### Provided records:

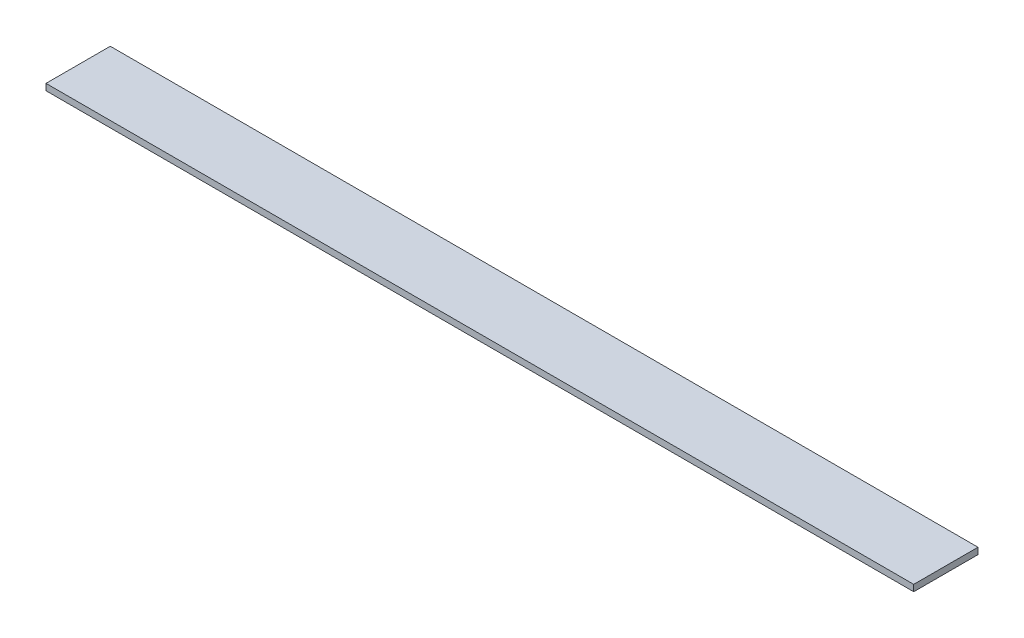
SolidWorks part; units mm, degrees
ref_plane "Face" through (0, 0, 0) normal (0, 0, 1) x (1, 0, 0)
ref_plane "Dessus" through (0, 0, 0) normal (0, 1, 0) x (1, 0, 0)
ref_plane "Droite" through (0, 0, 0) normal (1, 0, 0) x (0, 0, -1)
sketch "Esquisse1" plane through (0, 0, 0) normal (0, 1, 0) x (1, 0, 0)
  line L1 (0, 0) -> (1350, 0)
  line L2 (0, 0) -> (0, 100)
  line L3 (0, 100) -> (1350, 100)
  line L4 (1350, 0) -> (1350, 100)
  dimension "D1" = 1350
  dimension "D2" = 100
extrude "Extrusion1" add sketch "Esquisse1" along normal blind 10

### Your task:
What is needed is a word-for-word copy of the lines from the start of the data to the line with "line L2 (0, 0) -> (0, 100)", inclusive, with no pictures in it.

### Solution to the problem:
SolidWorks part; units mm, degrees
ref_plane "Face" through (0, 0, 0) normal (0, 0, 1) x (1, 0, 0)
ref_plane "Dessus" through (0, 0, 0) normal (0, 1, 0) x (1, 0, 0)
ref_plane "Droite" through (0, 0, 0) normal (1, 0, 0) x (0, 0, -1)
sketch "Esquisse1" plane through (0, 0, 0) normal (0, 1, 0) x (1, 0, 0)
  line L1 (0, 0) -> (1350, 0)
  line L2 (0, 0) -> (0, 100)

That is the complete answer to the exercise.